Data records

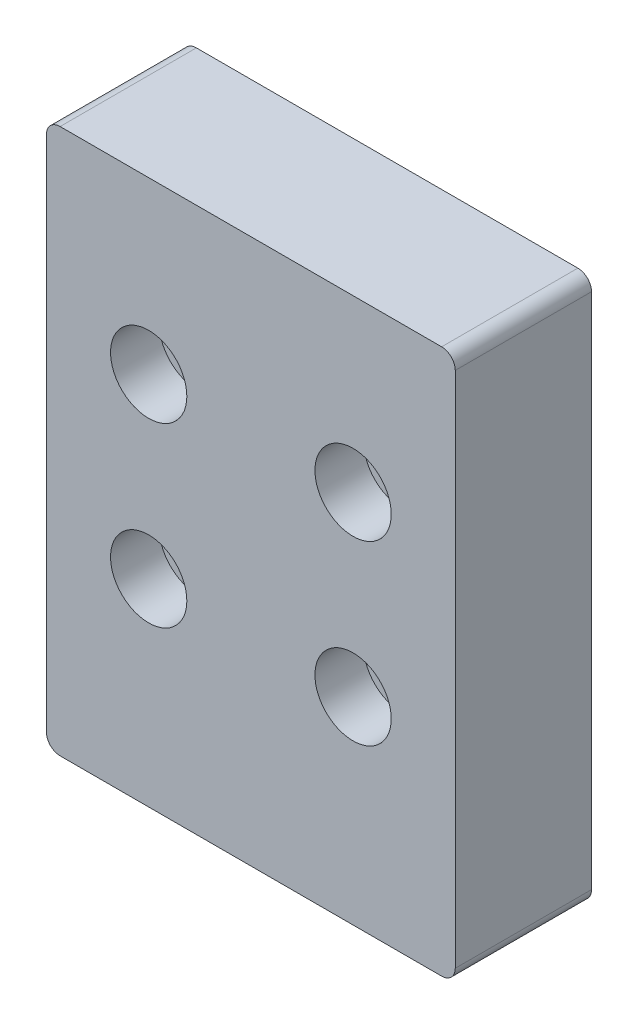
from build123d import *

# Parameters (mm, degrees)
SKETCH1_W                              = 30
SKETCH1_H                              = 40
BODY_DEPTH                             = 5
CBORE_FOR_M2_HEX_HEAD_BOLT2_AT_2_COUNT = 2
CBORE_FOR_M2_HEX_HEAD_BOLT2_AT_2_PITCH = 15
LPATTERN1_COUNT                        = 2
LPATTERN1_PITCH                        = 13
FILLET1_R                              = 1


with BuildPart() as part:
    # Sketch1 → Body (new, symmetric)
    with BuildSketch(Plane.XY):
        Rectangle(SKETCH1_W, SKETCH1_H)
    extrude(amount=BODY_DEPTH, both=True)

    # Sketch6 → CBORE for M2 Hex Head Bolt2 (revolve, cut)
    with BuildSketch(Plane(origin=(-7.5, 7.5, 5), x_dir=(0, -1, 0), z_dir=(1, 0, 0))):
        Polygon((0, 0), (0, 10.781118805), (1.3, 10), (1.3, 3.58), (2.8, 3.58), (2.8, 0), align=None)
    cbore_for_m2_hex_head_bolt2 = revolve(axis=Axis((-7.5, 7.5, 11.35), (0, 0, -1)), mode=Mode.SUBTRACT)

    # CBORE for M2 Hex Head Bolt2 at 2: CBORE for M2 Hex Head Bolt2 ×2
    with Locations(*[(i * CBORE_FOR_M2_HEX_HEAD_BOLT2_AT_2_PITCH, 0, 0) for i in range(1, CBORE_FOR_M2_HEX_HEAD_BOLT2_AT_2_COUNT)]):
        add(cbore_for_m2_hex_head_bolt2, mode=Mode.SUBTRACT)

    # LPattern1: CBORE for M2 Hex Head Bolt2 ×2
    with Locations(*[(0, -i * LPATTERN1_PITCH, 0) for i in range(1, LPATTERN1_COUNT)]):
        add(cbore_for_m2_hex_head_bolt2, mode=Mode.SUBTRACT)

    # LPattern1 copy 1 sketch → LPattern1 copy 1 (revolve, cut)
    with BuildSketch(Plane(origin=(7.5, -5.5, 5), x_dir=(0, -1, 0), z_dir=(1, 0, 0))):
        Polygon((0, 0), (0, 10.781118805), (1.3, 10), (1.3, 3.58), (2.8, 3.58), (2.8, 0), align=None)
    revolve(axis=Axis((7.5, -5.5, 11.35), (0, 0, -1)), mode=Mode.SUBTRACT)

    # Fillet1
    fillet1_edges = [part.edges().sort_by_distance(p)[0] for p in [
        (15, 20, 0),
        (15, -20, 0),
        (-15, -20, 0),
        (-15, 20, 0),
    ]]
    fillet(fillet1_edges, radius=FILLET1_R)


solid = part.part

__Instructions to follow__: Once the pictures are set aside, write out the entries verbatim.

__Problem solution__:
from build123d import *

# Parameters (mm, degrees)
SKETCH1_W                              = 30
SKETCH1_H                              = 40
BODY_DEPTH                             = 5
CBORE_FOR_M2_HEX_HEAD_BOLT2_AT_2_COUNT = 2
CBORE_FOR_M2_HEX_HEAD_BOLT2_AT_2_PITCH = 15
LPATTERN1_COUNT                        = 2
LPATTERN1_PITCH                        = 13
FILLET1_R                              = 1


with BuildPart() as part:
    # Sketch1 → Body (new, symmetric)
    with BuildSketch(Plane.XY):
        Rectangle(SKETCH1_W, SKETCH1_H)
    extrude(amount=BODY_DEPTH, both=True)

    # Sketch6 → CBORE for M2 Hex Head Bolt2 (revolve, cut)
    with BuildSketch(Plane(origin=(-7.5, 7.5, 5), x_dir=(0, -1, 0), z_dir=(1, 0, 0))):
        Polygon((0, 0), (0, 10.781118805), (1.3, 10), (1.3, 3.58), (2.8, 3.58), (2.8, 0), align=None)
    cbore_for_m2_hex_head_bolt2 = revolve(axis=Axis((-7.5, 7.5, 11.35), (0, 0, -1)), mode=Mode.SUBTRACT)

    # CBORE for M2 Hex Head Bolt2 at 2: CBORE for M2 Hex Head Bolt2 ×2
    with Locations(*[(i * CBORE_FOR_M2_HEX_HEAD_BOLT2_AT_2_PITCH, 0, 0) for i in range(1, CBORE_FOR_M2_HEX_HEAD_BOLT2_AT_2_COUNT)]):
        add(cbore_for_m2_hex_head_bolt2, mode=Mode.SUBTRACT)

    # LPattern1: CBORE for M2 Hex Head Bolt2 ×2
    with Locations(*[(0, -i * LPATTERN1_PITCH, 0) for i in range(1, LPATTERN1_COUNT)]):
        add(cbore_for_m2_hex_head_bolt2, mode=Mode.SUBTRACT)

    # LPattern1 copy 1 sketch → LPattern1 copy 1 (revolve, cut)
    with BuildSketch(Plane(origin=(7.5, -5.5, 5), x_dir=(0, -1, 0), z_dir=(1, 0, 0))):
        Polygon((0, 0), (0, 10.781118805), (1.3, 10), (1.3, 3.58), (2.8, 3.58), (2.8, 0), align=None)
    revolve(axis=Axis((7.5, -5.5, 11.35), (0, 0, -1)), mode=Mode.SUBTRACT)

    # Fillet1
    fillet1_edges = [part.edges().sort_by_distance(p)[0] for p in [
        (15, 20, 0),
        (15, -20, 0),
        (-15, -20, 0),
        (-15, 20, 0),
    ]]
    fillet(fillet1_edges, radius=FILLET1_R)


solid = part.part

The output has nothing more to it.